*What the exercise asks*
Output the entries exactly.

Data START

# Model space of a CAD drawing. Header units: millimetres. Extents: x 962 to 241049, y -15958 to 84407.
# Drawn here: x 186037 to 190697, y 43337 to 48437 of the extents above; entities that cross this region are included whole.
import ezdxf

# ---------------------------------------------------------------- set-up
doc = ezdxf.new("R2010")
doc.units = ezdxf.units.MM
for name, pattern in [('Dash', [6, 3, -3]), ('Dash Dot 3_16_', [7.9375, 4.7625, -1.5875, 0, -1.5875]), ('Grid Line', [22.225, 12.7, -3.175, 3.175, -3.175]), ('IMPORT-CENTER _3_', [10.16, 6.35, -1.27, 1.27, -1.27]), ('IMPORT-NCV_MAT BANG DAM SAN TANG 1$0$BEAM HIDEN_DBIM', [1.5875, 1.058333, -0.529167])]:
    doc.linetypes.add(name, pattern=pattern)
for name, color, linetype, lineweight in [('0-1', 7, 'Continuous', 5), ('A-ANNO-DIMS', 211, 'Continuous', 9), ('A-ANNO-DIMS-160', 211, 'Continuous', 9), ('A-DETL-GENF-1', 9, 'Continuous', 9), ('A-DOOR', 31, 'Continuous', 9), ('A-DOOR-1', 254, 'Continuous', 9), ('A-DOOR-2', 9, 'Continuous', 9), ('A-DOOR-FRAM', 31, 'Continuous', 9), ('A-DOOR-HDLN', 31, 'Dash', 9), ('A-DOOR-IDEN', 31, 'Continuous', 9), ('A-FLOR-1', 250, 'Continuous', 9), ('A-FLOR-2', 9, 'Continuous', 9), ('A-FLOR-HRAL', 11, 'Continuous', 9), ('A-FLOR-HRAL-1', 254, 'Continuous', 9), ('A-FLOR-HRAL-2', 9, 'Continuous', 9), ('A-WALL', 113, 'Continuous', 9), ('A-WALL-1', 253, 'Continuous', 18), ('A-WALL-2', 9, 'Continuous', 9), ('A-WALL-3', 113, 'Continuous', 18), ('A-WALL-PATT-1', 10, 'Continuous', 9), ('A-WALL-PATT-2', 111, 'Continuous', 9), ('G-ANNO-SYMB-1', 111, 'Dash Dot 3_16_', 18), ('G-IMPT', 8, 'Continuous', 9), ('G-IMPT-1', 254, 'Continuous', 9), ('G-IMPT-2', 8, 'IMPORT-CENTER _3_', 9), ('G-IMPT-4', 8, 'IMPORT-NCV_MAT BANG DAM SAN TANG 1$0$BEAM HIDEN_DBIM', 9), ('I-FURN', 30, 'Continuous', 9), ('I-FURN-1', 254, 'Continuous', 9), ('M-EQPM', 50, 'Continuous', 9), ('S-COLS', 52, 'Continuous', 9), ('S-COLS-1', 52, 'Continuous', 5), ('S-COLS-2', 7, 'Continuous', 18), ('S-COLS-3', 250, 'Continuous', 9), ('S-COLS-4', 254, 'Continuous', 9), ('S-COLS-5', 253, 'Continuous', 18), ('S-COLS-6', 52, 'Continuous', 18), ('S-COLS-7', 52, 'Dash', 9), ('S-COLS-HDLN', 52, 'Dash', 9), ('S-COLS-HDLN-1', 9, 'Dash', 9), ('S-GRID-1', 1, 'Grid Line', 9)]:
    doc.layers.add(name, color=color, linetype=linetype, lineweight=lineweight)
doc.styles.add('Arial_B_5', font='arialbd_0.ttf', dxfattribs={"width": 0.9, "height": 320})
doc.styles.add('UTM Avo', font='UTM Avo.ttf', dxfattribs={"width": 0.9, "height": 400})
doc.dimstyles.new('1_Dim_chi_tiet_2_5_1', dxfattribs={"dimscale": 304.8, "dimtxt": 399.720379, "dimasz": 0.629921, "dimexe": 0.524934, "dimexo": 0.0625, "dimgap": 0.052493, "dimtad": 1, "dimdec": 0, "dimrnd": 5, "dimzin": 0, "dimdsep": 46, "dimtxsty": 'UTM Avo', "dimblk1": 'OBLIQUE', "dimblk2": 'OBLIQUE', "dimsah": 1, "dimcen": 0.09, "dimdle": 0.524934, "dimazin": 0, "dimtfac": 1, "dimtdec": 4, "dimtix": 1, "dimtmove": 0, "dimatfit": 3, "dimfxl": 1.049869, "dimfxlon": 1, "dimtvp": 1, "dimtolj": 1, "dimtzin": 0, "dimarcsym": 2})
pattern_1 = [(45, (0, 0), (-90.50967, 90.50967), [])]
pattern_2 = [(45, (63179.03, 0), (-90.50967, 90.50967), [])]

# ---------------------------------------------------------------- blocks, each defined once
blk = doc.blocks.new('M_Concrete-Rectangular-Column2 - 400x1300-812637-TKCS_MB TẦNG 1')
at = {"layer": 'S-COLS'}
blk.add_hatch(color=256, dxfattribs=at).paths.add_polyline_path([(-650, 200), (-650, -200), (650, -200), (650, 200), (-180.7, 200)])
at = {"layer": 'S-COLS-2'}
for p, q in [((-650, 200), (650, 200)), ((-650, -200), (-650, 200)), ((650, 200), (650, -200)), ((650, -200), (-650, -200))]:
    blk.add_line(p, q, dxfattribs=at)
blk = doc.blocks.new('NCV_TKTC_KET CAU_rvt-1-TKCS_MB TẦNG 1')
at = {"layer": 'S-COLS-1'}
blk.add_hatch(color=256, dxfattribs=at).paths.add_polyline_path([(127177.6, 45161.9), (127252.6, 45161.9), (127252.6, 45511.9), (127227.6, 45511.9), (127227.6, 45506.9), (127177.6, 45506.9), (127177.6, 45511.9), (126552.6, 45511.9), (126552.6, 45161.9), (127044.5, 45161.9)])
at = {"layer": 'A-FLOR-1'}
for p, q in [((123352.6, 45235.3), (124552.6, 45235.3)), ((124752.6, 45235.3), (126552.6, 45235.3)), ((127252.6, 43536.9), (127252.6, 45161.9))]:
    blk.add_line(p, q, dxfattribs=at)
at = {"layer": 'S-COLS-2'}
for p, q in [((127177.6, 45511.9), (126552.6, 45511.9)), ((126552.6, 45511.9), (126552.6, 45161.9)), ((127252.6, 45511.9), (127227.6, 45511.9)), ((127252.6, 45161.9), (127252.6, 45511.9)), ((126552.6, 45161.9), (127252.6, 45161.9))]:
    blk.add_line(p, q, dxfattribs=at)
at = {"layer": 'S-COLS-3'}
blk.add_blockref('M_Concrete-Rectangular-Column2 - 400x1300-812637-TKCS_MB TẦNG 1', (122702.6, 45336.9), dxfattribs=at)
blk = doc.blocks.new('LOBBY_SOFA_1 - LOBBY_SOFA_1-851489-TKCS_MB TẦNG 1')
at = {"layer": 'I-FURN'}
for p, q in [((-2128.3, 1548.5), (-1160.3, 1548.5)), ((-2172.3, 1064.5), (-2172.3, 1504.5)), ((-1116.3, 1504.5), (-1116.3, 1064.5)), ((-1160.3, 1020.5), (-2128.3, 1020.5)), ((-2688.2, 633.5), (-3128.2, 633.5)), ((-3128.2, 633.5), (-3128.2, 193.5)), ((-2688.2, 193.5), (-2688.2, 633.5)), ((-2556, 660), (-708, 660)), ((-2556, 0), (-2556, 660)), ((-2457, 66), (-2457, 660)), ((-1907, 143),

Data END

*Response for this exercise*
# Model space of a CAD drawing. Header units: millimetres. Extents: x 962 to 241049, y -15958 to 84407.
# Drawn here: x 186037 to 190697, y 43337 to 48437 of the extents above; entities that cross this region are included whole.
import ezdxf

# ---------------------------------------------------------------- set-up
doc = ezdxf.new("R2010")
doc.units = ezdxf.units.MM
for name, pattern in [('Dash', [6, 3, -3]), ('Dash Dot 3_16_', [7.9375, 4.7625, -1.5875, 0, -1.5875]), ('Grid Line', [22.225, 12.7, -3.175, 3.175, -3.175]), ('IMPORT-CENTER _3_', [10.16, 6.35, -1.27, 1.27, -1.27]), ('IMPORT-NCV_MAT BANG DAM SAN TANG 1$0$BEAM HIDEN_DBIM', [1.5875, 1.058333, -0.529167])]:
    doc.linetypes.add(name, pattern=pattern)
for name, color, linetype, lineweight in [('0-1', 7, 'Continuous', 5), ('A-ANNO-DIMS', 211, 'Continuous', 9), ('A-ANNO-DIMS-160', 211, 'Continuous', 9), ('A-DETL-GENF-1', 9, 'Continuous', 9), ('A-DOOR', 31, 'Continuous', 9), ('A-DOOR-1', 254, 'Continuous', 9), ('A-DOOR-2', 9, 'Continuous', 9), ('A-DOOR-FRAM', 31, 'Continuous', 9), ('A-DOOR-HDLN', 31, 'Dash', 9), ('A-DOOR-IDEN', 31, 'Continuous', 9), ('A-FLOR-1', 250, 'Continuous', 9), ('A-FLOR-2', 9, 'Continuous', 9), ('A-FLOR-HRAL', 11, 'Continuous', 9), ('A-FLOR-HRAL-1', 254, 'Continuous', 9), ('A-FLOR-HRAL-2', 9, 'Continuous', 9), ('A-WALL', 113, 'Continuous', 9), ('A-WALL-1', 253, 'Continuous', 18), ('A-WALL-2', 9, 'Continuous', 9), ('A-WALL-3', 113, 'Continuous', 18), ('A-WALL-PATT-1', 10, 'Continuous', 9), ('A-WALL-PATT-2', 111, 'Continuous', 9), ('G-ANNO-SYMB-1', 111, 'Dash Dot 3_16_', 18), ('G-IMPT', 8, 'Continuous', 9), ('G-IMPT-1', 254, 'Continuous', 9), ('G-IMPT-2', 8, 'IMPORT-CENTER _3_', 9), ('G-IMPT-4', 8, 'IMPORT-NCV_MAT BANG DAM SAN TANG 1$0$BEAM HIDEN_DBIM', 9), ('I-FURN', 30, 'Continuous', 9), ('I-FURN-1', 254, 'Continuous', 9), ('M-EQPM', 50, 'Continuous', 9), ('S-COLS', 52, 'Continuous', 9), ('S-COLS-1', 52, 'Continuous', 5), ('S-COLS-2', 7, 'Continuous', 18), ('S-COLS-3', 250, 'Continuous', 9), ('S-COLS-4', 254, 'Continuous', 9), ('S-COLS-5', 253, 'Continuous', 18), ('S-COLS-6', 52, 'Continuous', 18), ('S-COLS-7', 52, 'Dash', 9), ('S-COLS-HDLN', 52, 'Dash', 9), ('S-COLS-HDLN-1', 9, 'Dash', 9), ('S-GRID-1', 1, 'Grid Line', 9)]:
    doc.layers.add(name, color=color, linetype=linetype, lineweight=lineweight)
doc.styles.add('Arial_B_5', font='arialbd_0.ttf', dxfattribs={"width": 0.9, "height": 320})
doc.styles.add('UTM Avo', font='UTM Avo.ttf', dxfattribs={"width": 0.9, "height": 400})
doc.dimstyles.new('1_Dim_chi_tiet_2_5_1', dxfattribs={"dimscale": 304.8, "dimtxt": 399.720379, "dimasz": 0.629921, "dimexe": 0.524934, "dimexo": 0.0625, "dimgap": 0.052493, "dimtad": 1, "dimdec": 0, "dimrnd": 5, "dimzin": 0, "dimdsep": 46, "dimtxsty": 'UTM Avo', "dimblk1": 'OBLIQUE', "dimblk2": 'OBLIQUE', "dimsah": 1, "dimcen": 0.09, "dimdle": 0.524934, "dimazin": 0, "dimtfac": 1, "dimtdec": 4, "dimtix": 1, "dimtmove": 0, "dimatfit": 3, "dimfxl": 1.049869, "dimfxlon": 1, "dimtvp": 1, "dimtolj": 1, "dimtzin": 0, "dimarcsym": 2})
pattern_1 = [(45, (0, 0), (-90.50967, 90.50967), [])]
pattern_2 = [(45, (63179.03, 0), (-90.50967, 90.50967), [])]

# ---------------------------------------------------------------- blocks, each defined once
blk = doc.blocks.new('M_Concrete-Rectangular-Column2 - 400x1300-812637-TKCS_MB TẦNG 1')
at = {"layer": 'S-COLS'}
blk.add_hatch(color=256, dxfattribs=at).paths.add_polyline_path([(-650, 200), (-650, -200), (650, -200), (650, 200), (-180.7, 200)])
at = {"layer": 'S-COLS-2'}
for p, q in [((-650, 200), (650, 200)), ((-650, -200), (-650, 200)), ((650, 200), (650, -200)), ((650, -200), (-650, -200))]:
    blk.add_line(p, q, dxfattribs=at)
blk = doc.blocks.new('NCV_TKTC_KET CAU_rvt-1-TKCS_MB TẦNG 1')
at = {"layer": 'S-COLS-1'}
blk.add_hatch(color=256, dxfattribs=at).paths.add_polyline_path([(127177.6, 45161.9), (127252.6, 45161.9), (127252.6, 45511.9), (127227.6, 45511.9), (127227.6, 45506.9), (127177.6, 45506.9), (127177.6, 45511.9), (126552.6, 45511.9), (126552.6, 45161.9), (127044.5, 45161.9)])
at = {"layer": 'A-FLOR-1'}
for p, q in [((123352.6, 45235.3), (124552.6, 45235.3)), ((124752.6, 45235.3), (126552.6, 45235.3)), ((127252.6, 43536.9), (127252.6, 45161.9))]:
    blk.add_line(p, q, dxfattribs=at)
at = {"layer": 'S-COLS-2'}
for p, q in [((127177.6, 45511.9), (126552.6, 45511.9)), ((126552.6, 45511.9), (126552.6, 45161.9)), ((127252.6, 45511.9), (127227.6, 45511.9)), ((127252.6, 45161.9), (127252.6, 45511.9)), ((126552.6, 45161.9), (127252.6, 45161.9))]:
    blk.add_line(p, q, dxfattribs=at)
at = {"layer": 'S-COLS-3'}
blk.add_blockref('M_Concrete-Rectangular-Column2 - 400x1300-812637-TKCS_MB TẦNG 1', (122702.6, 45336.9), dxfattribs=at)
blk = doc.blocks.new('LOBBY_SOFA_1 - LOBBY_SOFA_1-851489-TKCS_MB TẦNG 1')
at = {"layer": 'I-FURN'}
for p, q in [((-2128.3, 1548.5), (-1160.3, 1548.5)), ((-2172.3, 1064.5), (-2172.3, 1504.5)), ((-1116.3, 1504.5), (-1116.3, 1064.5)), ((-1160.3, 1020.5), (-2128.3, 1020.5)), ((-2688.2, 633.5), (-3128.2, 633.5)), ((-3128.2, 633.5), (-3128.2, 193.5)), ((-2688.2, 193.5), (-2688.2, 633.5)), ((-2556, 660), (-708, 660)), ((-2556, 0), (-2556, 660)), ((-2457, 66), (-2457, 660)), ((-1907, 143),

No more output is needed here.